She laughs, “I wish!” Then she smiles at a vendor and helps a little girl pass between chairs. “Do you want to tell me more?”

“I think I can go on,” I absently fiddle with my wedding ring. I have never taken it off in all the years I’ve had it longer than to wash a dish or have a bath. “Where was I?”

“You left Bennington,”

“OK, OK. We left Bennington. Now what came next?”

 

CHAPTER ELEVEN

It had been four years since we’d left Bennington College. Oliver and I were twenty-one that spring, completing our degrees at university, both working, and completely settled into the cabin by then. We’d worked our tails off since we’d moved in making it a right and proper home. By the start of that first summer the twins had finally managed to get the walls up around the room that would be the toilet with the window up high. With the discount that Professor Walker’s son had given us, we had the well tapped and working plumbing installed. He jokingly asked us if we wanted the tub left in the front room, but we opted to move it to the new toilet instead. I picked out this beautiful little porcelain sink that looked like a shell and Oliver bought an oval shaped mirror to go above it. We’d felt it was quite an accomplishment. To us it was another testimony that there was nothing we couldn’t do.

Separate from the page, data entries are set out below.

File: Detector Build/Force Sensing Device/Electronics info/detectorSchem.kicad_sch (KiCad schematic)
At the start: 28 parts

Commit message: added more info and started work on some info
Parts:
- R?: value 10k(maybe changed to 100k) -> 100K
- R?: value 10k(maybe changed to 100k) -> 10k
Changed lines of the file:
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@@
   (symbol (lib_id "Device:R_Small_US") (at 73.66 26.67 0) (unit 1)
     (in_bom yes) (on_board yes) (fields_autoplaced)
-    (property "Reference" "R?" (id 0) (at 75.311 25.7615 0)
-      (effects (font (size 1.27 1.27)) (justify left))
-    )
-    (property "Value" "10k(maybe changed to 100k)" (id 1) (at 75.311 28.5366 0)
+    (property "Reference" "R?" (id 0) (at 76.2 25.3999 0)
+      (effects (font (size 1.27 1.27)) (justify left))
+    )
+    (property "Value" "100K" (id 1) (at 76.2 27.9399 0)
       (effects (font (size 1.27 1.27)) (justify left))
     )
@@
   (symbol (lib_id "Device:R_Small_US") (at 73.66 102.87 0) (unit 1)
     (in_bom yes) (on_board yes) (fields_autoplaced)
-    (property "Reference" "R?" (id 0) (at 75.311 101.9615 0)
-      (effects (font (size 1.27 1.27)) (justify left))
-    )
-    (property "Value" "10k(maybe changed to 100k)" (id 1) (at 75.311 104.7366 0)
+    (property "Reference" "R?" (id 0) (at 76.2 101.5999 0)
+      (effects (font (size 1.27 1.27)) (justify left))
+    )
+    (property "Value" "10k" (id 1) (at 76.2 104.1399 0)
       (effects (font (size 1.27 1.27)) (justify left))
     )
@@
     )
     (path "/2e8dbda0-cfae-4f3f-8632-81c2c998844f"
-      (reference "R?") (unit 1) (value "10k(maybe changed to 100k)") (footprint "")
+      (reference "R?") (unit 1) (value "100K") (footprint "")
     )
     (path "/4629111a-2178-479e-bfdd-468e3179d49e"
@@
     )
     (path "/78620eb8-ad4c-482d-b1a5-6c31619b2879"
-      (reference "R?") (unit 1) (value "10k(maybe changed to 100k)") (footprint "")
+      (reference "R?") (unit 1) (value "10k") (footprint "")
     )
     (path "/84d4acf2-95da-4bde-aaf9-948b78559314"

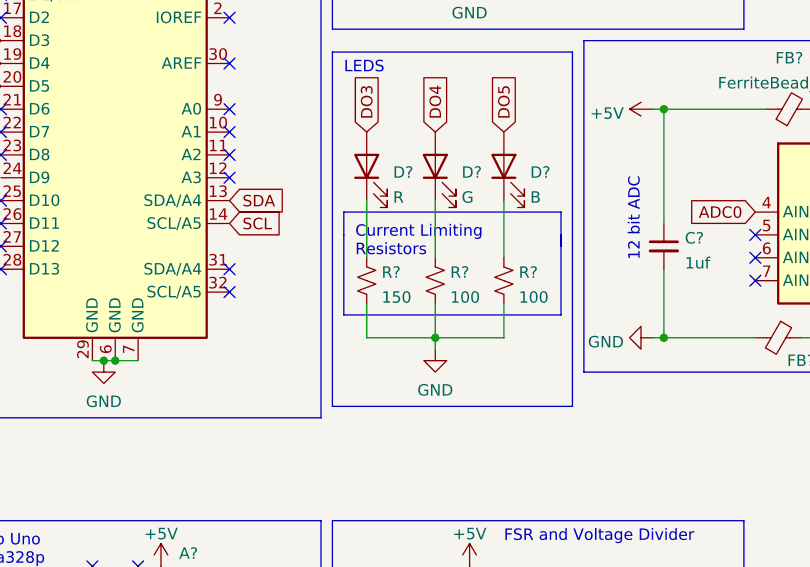
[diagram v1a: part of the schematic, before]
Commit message: updated the resistor values
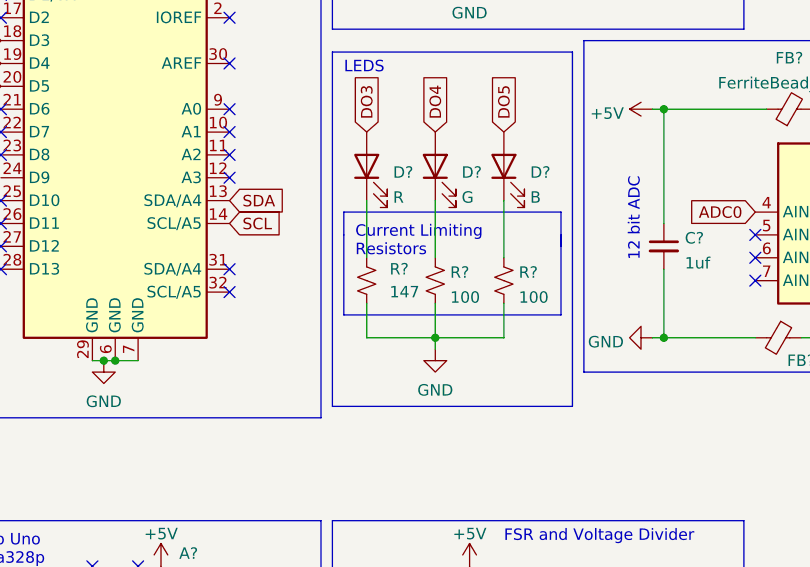
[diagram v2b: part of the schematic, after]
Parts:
- R?: value 150 -> 147
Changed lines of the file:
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@@
   (symbol (lib_id "Device:R_Small_US") (at 62.23 63.5 0) (unit 1)
     (in_bom yes) (on_board yes) (fields_autoplaced)
-    (property "Reference" "R?" (id 0) (at 63.881 62.5915 0)
-      (effects (font (size 1.27 1.27)) (justify left))
-    )
-    (property "Value" "150" (id 1) (at 63.881 65.3666 0)
+    (property "Reference" "R?" (id 0) (at 64.77 62.2299 0)
+      (effects (font (size 1.27 1.27)) (justify left))
+    )
+    (property "Value" "147" (id 1) (at 64.77 64.7699 0)
       (effects (font (size 1.27 1.27)) (justify left))
     )
@@
     )
     (path "/5bb9bcec-9f60-4a36-b646-41b2d53c7226"
-      (reference "R?") (unit 1) (value "150") (footprint "")
+      (reference "R?") (unit 1) (value "147") (footprint "")
     )
     (path "/60b868e3-a9f8-4d20-ae5a-40ca53af4adb"

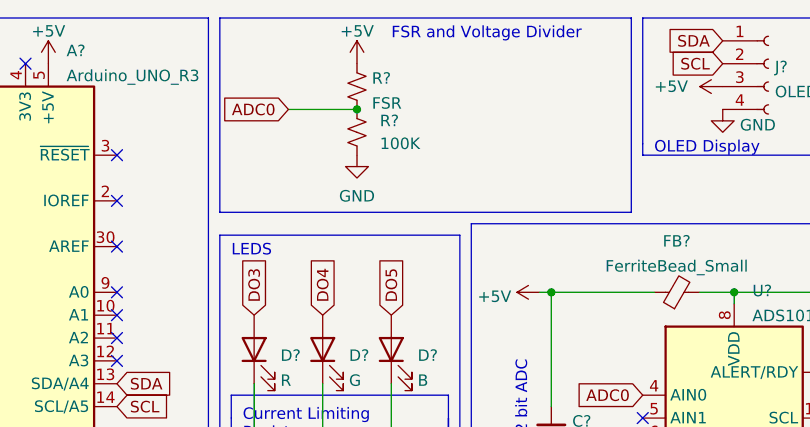
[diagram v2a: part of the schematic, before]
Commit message: added more info to readme and reverted change to voltage divider
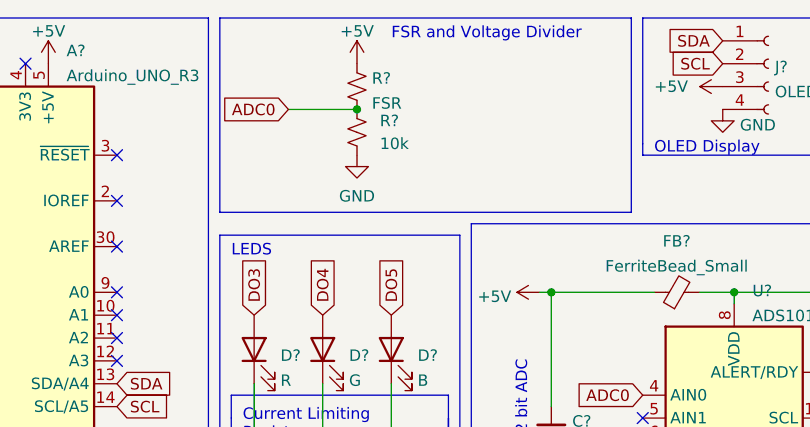
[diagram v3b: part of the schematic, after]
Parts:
- R?: value 100K -> 10k
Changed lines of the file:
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@@
       (effects (font (size 1.27 1.27)) (justify left))
     )
-    (property "Value" "100K" (id 1) (at 76.2 27.9399 0)
+    (property "Value" "10k" (id 1) (at 76.2 27.9399 0)
       (effects (font (size 1.27 1.27)) (justify left))
     )
@@
     )
     (path "/2e8dbda0-cfae-4f3f-8632-81c2c998844f"
-      (reference "R?") (unit 1) (value "100K") (footprint "")
+      (reference "R?") (unit 1) (value "10k") (footprint "")
     )
     (path "/4629111a-2178-479e-bfdd-468e3179d49e"

“Unbelievable,” Oliver stood in the middle of the room with Alex, “We managed to finish one whole project. You ready to start the next now?”

“I’m ready to start drinking whiskey,” Alexander replied. “But the room is nice.”

“I think we’ve learned enough to get the next up more quickly.”

“Oh, you think that, do you?”

“Oh aye!” Oliver turned to his brother, “At least I learned enough from my mistakes if you didn’t! I used the phone and asked for help! Dad and our cousins, Mike, Dennis and Artie, and Uncle Ian and Great Uncle Jack are going to come help us on the weekends!”

“You are the clever one, Oliver!” He put his hand on his brother’s shoulder.

“Tell me about it!” Ollie sounded very satisfied as he returned the gesture.

“Well,” Alex said quickly after a moment of silence, “Let's go get pissed then.”

“OK.”

With the extra help from Oliver’s family and Lance, who came down to visit whenever he could, we had two bedrooms and a kitchen with a larger wood burning stove to cook on by the time the second snow fell. We called Professor Walker’s son in once again to set us up with plumbing in our kitchen. It worked very well each year until December when the pipes would freeze and we were back to boiling pots of water on the stoves. We redid all the floors with new oak and had new windows cut and installed. The house was still small, but really quite lovely.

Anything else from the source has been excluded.